Mises Wire

The Rise and Fall of Market Monetarism

The Rise and Fall of Market Monetarism

Last week the FOMC announced that it would continue unchanged its policies of open-ended quantitative easing to the tune of $85 billion per month and targeting a zero interest rate for as long as the unemployment rate remains above 6.5 percent and (CPI) inflation does not exceed 2.5 percent. The FOMC polices should thrill Scott Sumner, a leader of the relatively new school of macro policy known as "market monetarism" and ranked 15th jointly with Fed Chairman Bernanke by Foreign Policy magazine on its list of 100 top global thinkers in 2012.

Market monetarism has experienced an amazingly rapid ascent in the past two years, especially in the blogonomics sphere and among economists toiling at small teaching colleges. Sumner and his fellow market monetarists advise the Fed to target nominal GDP, that is aggregate demand or total spending on goods and services in the economy. Briefly, they argue that because velocity is unpredictable, the Fed should manipulate the money supply so as to offset fluctuations in velocity and maintain a fixed rate of growth in the level of aggregate demand. Successfully doing so, they maintain, would considerably mitigate demand-side macroeconomic fluctuations.
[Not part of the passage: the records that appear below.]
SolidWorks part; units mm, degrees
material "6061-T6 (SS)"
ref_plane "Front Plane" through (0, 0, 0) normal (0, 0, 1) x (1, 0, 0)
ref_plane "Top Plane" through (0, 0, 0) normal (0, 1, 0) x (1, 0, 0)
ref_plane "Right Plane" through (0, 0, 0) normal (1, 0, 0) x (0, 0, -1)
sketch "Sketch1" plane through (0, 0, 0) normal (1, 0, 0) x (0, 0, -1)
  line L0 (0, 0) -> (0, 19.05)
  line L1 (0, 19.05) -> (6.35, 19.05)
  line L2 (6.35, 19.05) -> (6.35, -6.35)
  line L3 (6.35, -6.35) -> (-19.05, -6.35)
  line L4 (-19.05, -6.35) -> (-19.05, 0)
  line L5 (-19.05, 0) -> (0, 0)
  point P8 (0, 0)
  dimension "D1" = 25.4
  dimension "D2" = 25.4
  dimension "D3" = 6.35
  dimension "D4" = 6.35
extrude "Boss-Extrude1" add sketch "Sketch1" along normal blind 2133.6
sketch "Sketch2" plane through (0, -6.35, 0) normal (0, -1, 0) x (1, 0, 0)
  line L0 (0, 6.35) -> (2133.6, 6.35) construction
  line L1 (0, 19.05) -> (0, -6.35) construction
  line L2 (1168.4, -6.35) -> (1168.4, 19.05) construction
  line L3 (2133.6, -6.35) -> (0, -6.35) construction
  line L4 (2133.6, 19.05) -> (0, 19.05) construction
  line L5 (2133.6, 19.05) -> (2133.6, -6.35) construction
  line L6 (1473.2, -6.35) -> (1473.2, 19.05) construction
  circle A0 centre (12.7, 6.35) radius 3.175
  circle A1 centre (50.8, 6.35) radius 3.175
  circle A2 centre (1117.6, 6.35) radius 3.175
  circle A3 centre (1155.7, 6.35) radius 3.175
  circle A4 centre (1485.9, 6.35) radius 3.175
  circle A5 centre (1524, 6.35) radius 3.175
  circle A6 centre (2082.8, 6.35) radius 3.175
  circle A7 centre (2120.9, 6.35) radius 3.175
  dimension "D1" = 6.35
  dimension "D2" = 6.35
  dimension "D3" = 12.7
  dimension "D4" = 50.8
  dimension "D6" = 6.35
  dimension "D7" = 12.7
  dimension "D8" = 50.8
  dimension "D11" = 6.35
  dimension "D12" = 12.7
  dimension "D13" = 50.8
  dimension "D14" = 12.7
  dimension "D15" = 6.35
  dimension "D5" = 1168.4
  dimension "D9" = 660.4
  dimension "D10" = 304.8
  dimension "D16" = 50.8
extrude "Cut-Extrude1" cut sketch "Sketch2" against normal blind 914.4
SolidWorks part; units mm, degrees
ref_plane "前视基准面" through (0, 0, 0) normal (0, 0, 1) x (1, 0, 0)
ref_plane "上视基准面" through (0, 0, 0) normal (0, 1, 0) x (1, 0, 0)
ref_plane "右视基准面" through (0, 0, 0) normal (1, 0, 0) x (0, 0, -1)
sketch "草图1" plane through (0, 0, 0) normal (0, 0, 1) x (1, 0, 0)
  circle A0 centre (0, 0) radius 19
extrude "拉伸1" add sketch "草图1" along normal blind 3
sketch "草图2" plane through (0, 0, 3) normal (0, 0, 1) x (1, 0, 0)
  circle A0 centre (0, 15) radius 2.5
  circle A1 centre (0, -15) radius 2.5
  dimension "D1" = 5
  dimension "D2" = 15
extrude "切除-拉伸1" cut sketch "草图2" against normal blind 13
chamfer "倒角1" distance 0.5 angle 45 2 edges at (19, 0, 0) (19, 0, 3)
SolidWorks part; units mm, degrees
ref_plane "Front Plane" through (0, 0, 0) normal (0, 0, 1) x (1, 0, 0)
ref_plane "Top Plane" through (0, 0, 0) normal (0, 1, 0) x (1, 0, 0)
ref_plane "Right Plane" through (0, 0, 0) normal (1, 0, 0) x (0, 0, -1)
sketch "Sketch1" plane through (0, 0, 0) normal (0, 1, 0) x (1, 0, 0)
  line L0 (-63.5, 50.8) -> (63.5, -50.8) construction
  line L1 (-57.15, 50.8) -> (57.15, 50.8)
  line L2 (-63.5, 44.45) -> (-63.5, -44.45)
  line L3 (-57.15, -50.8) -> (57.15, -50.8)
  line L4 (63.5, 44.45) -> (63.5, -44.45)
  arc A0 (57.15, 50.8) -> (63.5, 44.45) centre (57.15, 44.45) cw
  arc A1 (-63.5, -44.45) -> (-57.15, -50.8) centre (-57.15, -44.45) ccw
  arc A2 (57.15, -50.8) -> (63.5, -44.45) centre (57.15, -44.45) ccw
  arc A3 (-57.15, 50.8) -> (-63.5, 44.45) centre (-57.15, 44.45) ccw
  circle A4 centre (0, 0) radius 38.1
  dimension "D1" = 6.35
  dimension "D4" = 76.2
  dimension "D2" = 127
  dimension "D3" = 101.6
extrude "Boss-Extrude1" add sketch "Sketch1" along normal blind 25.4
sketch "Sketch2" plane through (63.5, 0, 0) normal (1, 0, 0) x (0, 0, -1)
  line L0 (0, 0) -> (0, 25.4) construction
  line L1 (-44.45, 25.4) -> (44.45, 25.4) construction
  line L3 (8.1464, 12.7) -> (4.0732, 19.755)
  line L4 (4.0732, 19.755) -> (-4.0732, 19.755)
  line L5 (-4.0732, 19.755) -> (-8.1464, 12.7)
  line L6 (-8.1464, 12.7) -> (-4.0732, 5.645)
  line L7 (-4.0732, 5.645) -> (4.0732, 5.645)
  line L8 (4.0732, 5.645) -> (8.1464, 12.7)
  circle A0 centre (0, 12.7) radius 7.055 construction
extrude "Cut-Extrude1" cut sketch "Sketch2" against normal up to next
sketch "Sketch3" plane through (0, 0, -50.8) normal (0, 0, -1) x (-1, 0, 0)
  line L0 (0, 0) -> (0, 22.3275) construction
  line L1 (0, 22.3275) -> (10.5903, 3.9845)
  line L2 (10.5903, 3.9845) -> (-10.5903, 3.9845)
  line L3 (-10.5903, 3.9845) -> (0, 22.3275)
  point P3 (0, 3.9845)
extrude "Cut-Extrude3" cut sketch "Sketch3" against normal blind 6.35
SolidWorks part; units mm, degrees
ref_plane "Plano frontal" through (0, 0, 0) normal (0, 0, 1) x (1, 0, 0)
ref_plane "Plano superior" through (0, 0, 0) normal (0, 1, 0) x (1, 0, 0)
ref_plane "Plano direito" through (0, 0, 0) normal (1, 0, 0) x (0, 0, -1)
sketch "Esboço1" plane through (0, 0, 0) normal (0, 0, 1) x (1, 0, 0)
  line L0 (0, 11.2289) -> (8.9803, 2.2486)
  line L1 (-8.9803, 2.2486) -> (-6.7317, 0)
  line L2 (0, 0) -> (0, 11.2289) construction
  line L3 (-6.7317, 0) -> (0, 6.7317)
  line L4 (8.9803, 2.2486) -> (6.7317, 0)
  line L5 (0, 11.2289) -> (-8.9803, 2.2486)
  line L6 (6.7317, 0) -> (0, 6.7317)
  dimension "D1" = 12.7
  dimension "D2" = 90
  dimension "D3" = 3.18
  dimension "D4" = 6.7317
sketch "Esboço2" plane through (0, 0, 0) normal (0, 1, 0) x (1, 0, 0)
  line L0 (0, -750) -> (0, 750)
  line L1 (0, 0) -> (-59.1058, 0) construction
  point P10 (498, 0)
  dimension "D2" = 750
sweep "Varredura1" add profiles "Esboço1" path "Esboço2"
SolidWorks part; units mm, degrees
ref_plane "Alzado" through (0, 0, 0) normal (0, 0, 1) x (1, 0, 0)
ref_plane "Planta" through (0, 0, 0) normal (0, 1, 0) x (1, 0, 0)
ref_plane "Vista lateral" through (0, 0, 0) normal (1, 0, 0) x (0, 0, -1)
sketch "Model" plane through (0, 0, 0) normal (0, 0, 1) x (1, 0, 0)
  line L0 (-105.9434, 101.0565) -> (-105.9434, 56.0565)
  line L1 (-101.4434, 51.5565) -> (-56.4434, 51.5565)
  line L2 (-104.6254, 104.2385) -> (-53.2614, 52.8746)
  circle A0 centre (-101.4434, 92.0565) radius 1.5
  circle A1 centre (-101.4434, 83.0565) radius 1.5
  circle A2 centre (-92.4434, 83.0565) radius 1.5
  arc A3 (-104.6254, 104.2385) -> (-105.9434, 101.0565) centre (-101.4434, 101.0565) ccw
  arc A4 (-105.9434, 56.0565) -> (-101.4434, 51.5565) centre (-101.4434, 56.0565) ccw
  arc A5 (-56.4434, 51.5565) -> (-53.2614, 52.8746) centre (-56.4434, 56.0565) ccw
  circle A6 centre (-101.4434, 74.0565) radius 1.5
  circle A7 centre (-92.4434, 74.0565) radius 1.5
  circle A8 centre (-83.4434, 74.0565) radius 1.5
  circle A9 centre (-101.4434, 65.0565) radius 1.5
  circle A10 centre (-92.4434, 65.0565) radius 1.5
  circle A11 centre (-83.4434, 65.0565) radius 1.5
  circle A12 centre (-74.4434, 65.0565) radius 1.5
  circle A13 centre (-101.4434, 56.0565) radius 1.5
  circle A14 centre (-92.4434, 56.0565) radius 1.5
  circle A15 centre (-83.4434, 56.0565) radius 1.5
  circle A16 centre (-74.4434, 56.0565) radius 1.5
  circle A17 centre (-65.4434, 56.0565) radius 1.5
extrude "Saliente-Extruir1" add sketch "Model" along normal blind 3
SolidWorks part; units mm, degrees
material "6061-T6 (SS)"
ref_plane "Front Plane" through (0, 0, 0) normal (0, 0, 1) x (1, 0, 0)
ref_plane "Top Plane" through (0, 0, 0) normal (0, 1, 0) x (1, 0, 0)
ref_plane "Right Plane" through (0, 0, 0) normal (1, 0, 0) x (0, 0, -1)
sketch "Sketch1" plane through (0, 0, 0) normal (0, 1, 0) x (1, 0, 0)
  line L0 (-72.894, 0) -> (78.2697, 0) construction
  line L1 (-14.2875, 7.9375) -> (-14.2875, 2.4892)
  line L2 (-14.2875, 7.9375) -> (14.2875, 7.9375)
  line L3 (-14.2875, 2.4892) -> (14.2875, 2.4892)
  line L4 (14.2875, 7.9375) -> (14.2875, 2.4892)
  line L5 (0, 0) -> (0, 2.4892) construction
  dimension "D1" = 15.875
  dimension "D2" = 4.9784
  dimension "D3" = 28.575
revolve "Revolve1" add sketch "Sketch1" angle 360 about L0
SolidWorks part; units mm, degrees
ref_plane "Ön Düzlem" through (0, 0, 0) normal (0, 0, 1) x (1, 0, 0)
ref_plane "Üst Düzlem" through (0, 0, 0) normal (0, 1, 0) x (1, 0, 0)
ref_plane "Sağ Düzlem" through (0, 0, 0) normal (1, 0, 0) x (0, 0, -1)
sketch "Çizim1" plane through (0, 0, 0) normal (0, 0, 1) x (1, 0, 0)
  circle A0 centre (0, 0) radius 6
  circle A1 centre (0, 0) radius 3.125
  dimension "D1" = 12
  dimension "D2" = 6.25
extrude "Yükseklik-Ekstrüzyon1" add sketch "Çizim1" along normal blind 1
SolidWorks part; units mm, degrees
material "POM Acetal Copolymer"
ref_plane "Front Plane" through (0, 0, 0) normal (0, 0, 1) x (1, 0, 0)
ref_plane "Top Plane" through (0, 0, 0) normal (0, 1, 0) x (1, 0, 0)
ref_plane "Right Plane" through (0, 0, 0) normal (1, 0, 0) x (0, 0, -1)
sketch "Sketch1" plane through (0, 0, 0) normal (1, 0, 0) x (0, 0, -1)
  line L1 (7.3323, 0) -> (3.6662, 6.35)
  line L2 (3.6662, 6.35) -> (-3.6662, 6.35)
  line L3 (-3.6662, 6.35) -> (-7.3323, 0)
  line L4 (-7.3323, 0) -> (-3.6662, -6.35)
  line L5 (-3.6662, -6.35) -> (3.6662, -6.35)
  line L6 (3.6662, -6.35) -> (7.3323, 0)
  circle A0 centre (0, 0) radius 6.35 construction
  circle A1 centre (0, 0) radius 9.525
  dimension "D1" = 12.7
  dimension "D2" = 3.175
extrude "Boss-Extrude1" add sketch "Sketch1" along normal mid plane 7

Sumner was interviewed by Bloomberg columnist Caroline Baum the week prior to the latest FOMC meeting. Referring to the policy announced after the December FOMC meeting, Sumner characterized the Fed's commitment to a zero interest-rate target as “a backdoor way of nominal GDP level targeting. The Fed would like a catch-up in growth before it starts tightening.” In other words, the Fed was implementing the Sumnerite market monetarist policy, even if it has gone far beyond reflating nominal GDP to its level at the peak of the bubble. Well, let's see what that looks like.

 

NGDP graph

 

The chart shows that nominal GDP has been inflated to $15.829 trillion, almost 10 percent above its bubble peak of $14.416 trillion in early 2008. What kind of "catch-up" is this? Well for Sumner et al., in normal times the Fed should target a 3-5 percent increase in the level of nominal GDP. Since early 2010, nominal GDP has been growing at a rate slightly above 4 percent. During the high bubble years of 2003-2006, the growth rate was around 6.5 percent. Yet, despite target growth, the recent run-up in nominal GDP has gone hand-in-hand with massive price inflation in asset and commodity markets. As economist Mark Thornton has recently shown nascent bubbles are forming throughout the economy. The producer price index for commodities has hit record levels. The gold price has set new records and is fluctuating between 60 and 80 percent above its peak during the bubble while oil prices have risen to over $100 per barrel again. Stocks have been reflated back to near their record high during the bubble, with the Dow Jones Industrial Average breaching the 14,000 mark last week. Real estate markets in Manhattan and Washington, D.C. are at all-time highs as are Midwestern farmland prices.

In contrast, the real economy is still stagnating, with real GDP shrinking by 0.1 percent during the fourth quarter of 2012 and the unemployment rate for January ticking up from 7.8 to 7.9 percent. No doubt aware of the tepid performance of the real economy, and its failure to respond to the policy he advocates, Sumner stakes out an odd and silly fallback position. The U.S., he argues, like Japan and Europe, has entered a stage of permanently depressed growth. As Baum reports, Sumner believes "slow nominal and real growth and ultra-low interest rates are less a temporary phenomenon than the norm in developed nations with aging populations." The U.S. economy, Sumner says, is experiencing “long- term secular decline in real interest rates, from 7 percent to negative 1 percent now, at the same time inflation has been trending down.” In other words, low interest rates are not mainly a result of the Fed's actual inflationary monetary policy, but of some imaginary secular stagnation that Sumner has conjured up.

There is no surer sign that market monetarism is soon destined for the dustbin of failed economic doctrines than Sumner's resort to the long-discredited "stagnation thesis" proposed by Keynesian Alvin Hansen in the late 1930s. It is somewhat ironic that the blogonomic phenomenon of market monetarism will barely survive the publication of the first Kindle book expounding the doctrine.